I've got a before picture, and an after picture, plus two walk-through videos. I hope it's all clear. Thanks for any help!
Before:
After:
Inside Video:
[youtu.be]
Basement Video:
[youtu.be]
Edited 2 times.
|
Post Reply
|
Author:
Timsplumbing (MA)
You can not use san tees on there side or back only in the vertical position. besides that it looks ok.
|
Post Reply
|
Author:
JoshRountree (NC)
I don't have any on their side or back...?
***Edit***
What about in a dry vent?
Edited 1 times.
|
Post Reply
|
Author:
packy (MA)
other thsn the toilet not being vented, the kitchen not being vented, no cleanout at the foundation wall, no future vent, no cleanouts being shown and most of you piping diagram does not have the sizes of the pipes listed, the rest is barely OK. sorry
first correction would be to tie 2" lav drain into the toilet riser to wet vent the toilet thru the lav.
secondly, the kitchen vent must look like the others (lav and laundry). you can't vent from below the height of the trap.

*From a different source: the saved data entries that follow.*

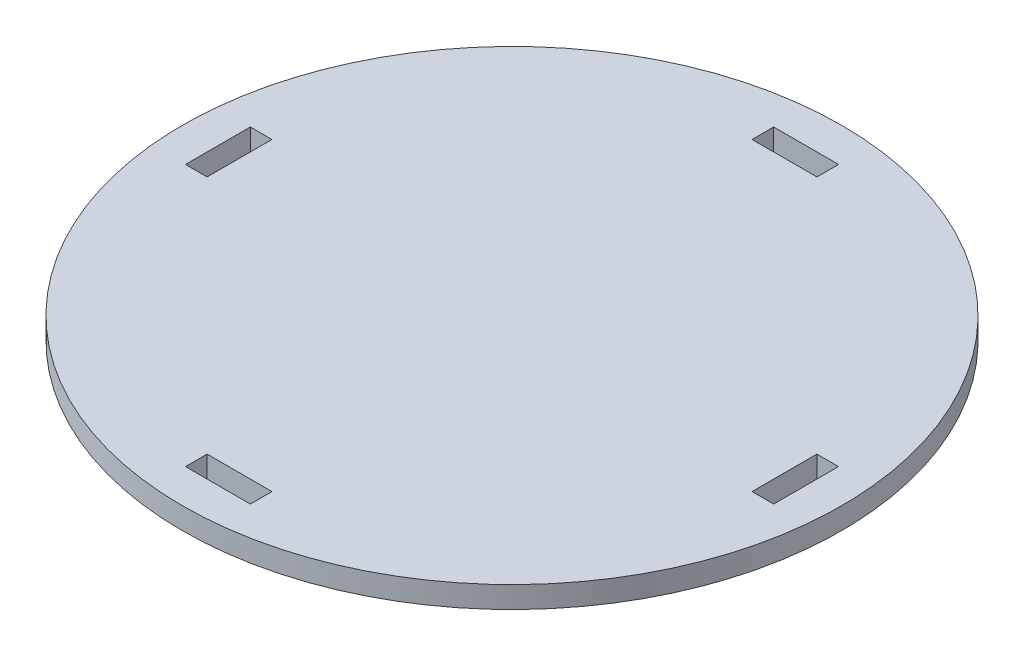
ISO-10303-21;
HEADER;
FILE_DESCRIPTION(('STEP AP214'),'2;1');
FILE_NAME('part.step','',(''),(''),'','','');
FILE_SCHEMA(('AUTOMOTIVE_DESIGN { 1 0 10303 214 1 1 1 1 }'));
ENDSEC;
DATA;
#1=APPLICATION_CONTEXT('core data for automotive mechanical design processes');
#2=APPLICATION_PROTOCOL_DEFINITION('international standard','automotive_design',2000,#1);
#3=PRODUCT_CONTEXT('',#1,'mechanical');
#4=PRODUCT('Part','Part','',(#3));
#5=PRODUCT_RELATED_PRODUCT_CATEGORY('part','',(#4));
#6=PRODUCT_DEFINITION_FORMATION('','',#4);
#7=PRODUCT_DEFINITION_CONTEXT('part definition',#1,'design');
#8=PRODUCT_DEFINITION('design','',#6,#7);
#9=PRODUCT_DEFINITION_SHAPE('','',#8);
#10=(LENGTH_UNIT() NAMED_UNIT(*) SI_UNIT(.MILLI.,.METRE.));
#11=(NAMED_UNIT(*) PLANE_ANGLE_UNIT() SI_UNIT($,.RADIAN.));
#12=(NAMED_UNIT(*) SI_UNIT($,.STERADIAN.) SOLID_ANGLE_UNIT());
#13=UNCERTAINTY_MEASURE_WITH_UNIT(LENGTH_MEASURE(1.E-05),#10,'distance_accuracy_value','');
#14=(GEOMETRIC_REPRESENTATION_CONTEXT(3) GLOBAL_UNCERTAINTY_ASSIGNED_CONTEXT((#13)) GLOBAL_UNIT_ASSIGNED_CONTEXT((#10,
#11,#12)) REPRESENTATION_CONTEXT('',''));
#15=CARTESIAN_POINT('',(0.,0.,0.));
#16=DIRECTION('',(0.,0.,1.));
#17=DIRECTION('',(1.,0.,0.));
#18=AXIS2_PLACEMENT_3D('',#15,#16,#17);
#19=CARTESIAN_POINT('',(0.,5.,0.));
#20=DIRECTION('',(0.,1.,0.));
#21=DIRECTION('',(0.,0.,1.));
#22=AXIS2_PLACEMENT_3D('',#19,#20,#21);
#23=PLANE('',#22);
#24=CARTESIAN_POINT('',(0.,5.,0.));
#25=DIRECTION('',(0.,1.,0.));
#26=DIRECTION('',(0.,0.,1.));
#27=AXIS2_PLACEMENT_3D('',#24,#25,#26);
#28=CIRCLE('',#27,76.2);
#29=CARTESIAN_POINT('',(0.,5.,76.2));
#30=VERTEX_POINT('',#29);
#31=EDGE_CURVE('E11',#30,#30,#28,.T.);
#32=ORIENTED_EDGE('',*,*,#31,.T.);
#33=EDGE_LOOP('',(#32));
#34=FACE_BOUND('',#33,.T.);
#35=DIRECTION('',(-1.,0.,0.));
#36=VECTOR('',#35,1.);
#37=CARTESIAN_POINT('',(-63.,5.,-7.5));
#38=LINE('',#37,#36);
#39=CARTESIAN_POINT('',(-63.,5.,-7.5));
#40=VERTEX_POINT('',#39);
#41=CARTESIAN_POINT('',(-68.,5.,-7.50000000000001));
#42=VERTEX_POINT('',#41);
#43=EDGE_CURVE('E294',#40,#42,#38,.T.);
#44=ORIENTED_EDGE('',*,*,#43,.F.);
#45=DIRECTION('',(0.,0.,-1.));
#46=VECTOR('',#45,1.);
#47=CARTESIAN_POINT('',(-63.,5.,-7.5));
#48=LINE('',#47,#46);
#49=CARTESIAN_POINT('',(-63.,5.,7.5));
#50=VERTEX_POINT('',#49);
#51=EDGE_CURVE('E291',#50,#40,#48,.T.);
#52=ORIENTED_EDGE('',*,*,#51,.F.);
#53=DIRECTION('',(1.,0.,0.));
#54=VECTOR('',#53,1.);
#55=CARTESIAN_POINT('',(-63.,5.,7.5));
#56=LINE('',#55,#54);
#57=CARTESIAN_POINT('',(-68.,5.,7.49999999999999));
#58=VERTEX_POINT('',#57);
#59=EDGE_CURVE('E302',#58,#50,#56,.T.);
#60=ORIENTED_EDGE('',*,*,#59,.F.);
#61=DIRECTION('',(0.,0.,1.));
#62=VECTOR('',#61,1.);
#63=CARTESIAN_POINT('',(-68.,5.,-7.50000000000001));
#64=LINE('',#63,#62);
#65=EDGE_CURVE('E298',#42,#58,#64,.T.);
#66=ORIENTED_EDGE('',*,*,#65,.F.);
#67=EDGE_LOOP('',(#44,#52,#60,#66));
#68=FACE_BOUND('',#67,.T.);
#69=DIRECTION('',(0.,0.,-1.));
#70=VECTOR('',#69,1.);
#71=CARTESIAN_POINT('',(7.49999999999193,5.,-63.0000000000103));
#72=LINE('',#71,#70);
#73=CARTESIAN_POINT('',(7.49999999999193,5.,-63.0000000000103));
#74=VERTEX_POINT('',#73);
#75=CARTESIAN_POINT('',(7.49999999999193,5.,-68.0000000000103));
#76=VERTEX_POINT('',#75);
#77=EDGE_CURVE('E251',#74,#76,#72,.T.);
#78=ORIENTED_EDGE('',*,*,#77,.F.);
#79=DIRECTION('',(1.,0.,0.));
#80=VECTOR('',#79,1.);
#81=CARTESIAN_POINT('',(7.49999999999193,5.,-63.0000000000103));
#82=LINE('',#81,#80);
#83=CARTESIAN_POINT('',(-7.50000000000807,5.,-63.0000000000103));
#84=VERTEX_POINT('',#83);
#85=EDGE_CURVE('E248',#84,#74,#82,.T.);
#86=ORIENTED_EDGE('',*,*,#85,.F.);
#87=DIRECTION('',(0.,0.,1.));
#88=VECTOR('',#87,1.);
#89=CARTESIAN_POINT('',(-7.50000000000807,5.,-63.0000000000103));
#90=LINE('',#89,#88);
#91=CARTESIAN_POINT('',(-7.50000000000807,5.,-68.0000000000103));
#92=VERTEX_POINT('',#91);
#93=EDGE_CURVE('E259',#92,#84,#90,.T.);
#94=ORIENTED_EDGE('',*,*,#93,.F.);
#95=DIRECTION('',(-1.,0.,0.));
#96=VECTOR('',#95,1.);
#97=CARTESIAN_POINT('',(7.49999999999193,5.,-68.0000000000103));
#98=LINE('',#97,#96);
#99=EDGE_CURVE('E255',#76,#92,#98,.T.);
#100=ORIENTED_EDGE('',*,*,#99,.F.);
#101=EDGE_LOOP('',(#78,#86,#94,#100));
#102=FACE_BOUND('',#101,.T.);
#103=DIRECTION('',(1.,0.,0.));
#104=VECTOR('',#103,1.);
#105=CARTESIAN_POINT('',(63.0000000000023,5.,7.49999999998161));
#106=LINE('',#105,#104);
#107=CARTESIAN_POINT('',(63.0000000000023,5.,7.49999999998161));
#108=VERTEX_POINT('',#107);
#109=CARTESIAN_POINT('',(68.0000000000023,5.,7.49999999998161));
#110=VERTEX_POINT('',#109);
#111=EDGE_CURVE('E208',#108,#110,#106,.T.);
#112=ORIENTED_EDGE('',*,*,#111,.F.);
#113=DIRECTION('',(0.,0.,1.));
#114=VECTOR('',#113,1.);
#115=CARTESIAN_POINT('',(63.0000000000023,5.,7.49999999998161));
#116=LINE('',#115,#114);
#117=CARTESIAN_POINT('',(63.0000000000023,5.,-7.50000000001839));
#118=VERTEX_POINT('',#117);
#119=EDGE_CURVE('E205',#118,#108,#116,.T.);
#120=ORIENTED_EDGE('',*,*,#119,.F.);
#121=DIRECTION('',(-1.,0.,0.));
#122=VECTOR('',#121,1.);
#123=CARTESIAN_POINT('',(63.0000000000023,5.,-7.50000000001839));
#124=LINE('',#123,#122);
#125=CARTESIAN_POINT('',(68.0000000000023,5.,-7.50000000001839));
#126=VERTEX_POINT('',#125);
#127=EDGE_CURVE('E216',#126,#118,#124,.T.);
#128=ORIENTED_EDGE('',*,*,#127,.F.);
#129=DIRECTION('',(0.,0.,-1.));
#130=VECTOR('',#129,1.);
#131=CARTESIAN_POINT('',(68.0000000000023,5.,7.49999999998161));
#132=LINE('',#131,#130);
#133=EDGE_CURVE('E212',#110,#126,#132,.T.);
#134=ORIENTED_EDGE('',*,*,#133,.F.);
#135=EDGE_LOOP('',(#112,#120,#128,#134));
#136=FACE_BOUND('',#135,.T.);
#137=DIRECTION('',(0.,0.,1.));
#138=VECTOR('',#137,1.);
#139=CARTESIAN_POINT('',(-7.49999999998967,5.,62.9999999999919));
#140=LINE('',#139,#138);
#141=CARTESIAN_POINT('',(-7.49999999998967,5.,62.9999999999919));
#142=VERTEX_POINT('',#141);
#143=CARTESIAN_POINT('',(-7.49999999998968,5.,67.999999999992));
#144=VERTEX_POINT('',#143);
#145=EDGE_CURVE('E166',#142,#144,#140,.T.);
#146=ORIENTED_EDGE('',*,*,#145,.F.);
#147=DIRECTION('',(-1.,0.,0.));
#148=VECTOR('',#147,1.);
#149=CARTESIAN_POINT('',(-7.49999999998967,5.,62.9999999999919));
#150=LINE('',#149,#148);
#151=CARTESIAN_POINT('',(7.50000000001033,5.,62.9999999999919));
#152=VERTEX_POINT('',#151);
#153=EDGE_CURVE('E157',#152,#142,#150,.T.);
#154=ORIENTED_EDGE('',*,*,#153,.F.);
#155=DIRECTION('',(0.,0.,-1.));
#156=VECTOR('',#155,1.);
#157=CARTESIAN_POINT('',(7.50000000001033,5.,62.9999999999919));
#158=LINE('',#157,#156);
#159=CARTESIAN_POINT('',(7.50000000001032,5.,67.999999999992));
#160=VERTEX_POINT('',#159);
#161=EDGE_CURVE('E183',#160,#152,#158,.T.);
#162=ORIENTED_EDGE('',*,*,#161,.F.);
#163=DIRECTION('',(1.,0.,0.));
#164=VECTOR('',#163,1.);
#165=CARTESIAN_POINT('',(-7.49999999998968,5.,67.999999999992));
#166=LINE('',#165,#164);
#167=EDGE_CURVE('E179',#144,#160,#166,.T.);
#168=ORIENTED_EDGE('',*,*,#167,.F.);
#169=EDGE_LOOP('',(#146,#154,#162,#168));
#170=FACE_BOUND('',#169,.T.);
#171=ADVANCED_FACE('F43',(#34,#68,#102,#136,#170),#23,.T.);
#172=CARTESIAN_POINT('',(0.,0.,0.));
#173=DIRECTION('',(0.,1.,0.));
#174=DIRECTION('',(0.,0.,1.));
#175=AXIS2_PLACEMENT_3D('',#172,#173,#174);
#176=PLANE('',#175);
#177=DIRECTION('',(0.,0.,1.));
#178=VECTOR('',#177,1.);
#179=CARTESIAN_POINT('',(63.0000000000023,0.,7.49999999998161));
#180=LINE('',#179,#178);
#181=CARTESIAN_POINT('',(63.0000000000023,0.,-7.50000000001839));
#182=VERTEX_POINT('',#181);
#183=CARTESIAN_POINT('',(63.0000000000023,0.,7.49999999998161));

next, bring the laundry down and tie into a 3x2 "Y" in the horizontal downstream of the toilet. keep the laundry 2", add a cleanout and vent it 1 1/2 from the top of the san tee.
lastly, a "Y" at the foundation wall with an end cleanout. roll up the branch of the "Y" and put a street 45 into it. then couple of feet of pipe and a cleanout tee. remember, the base of every stack must have a cleanout.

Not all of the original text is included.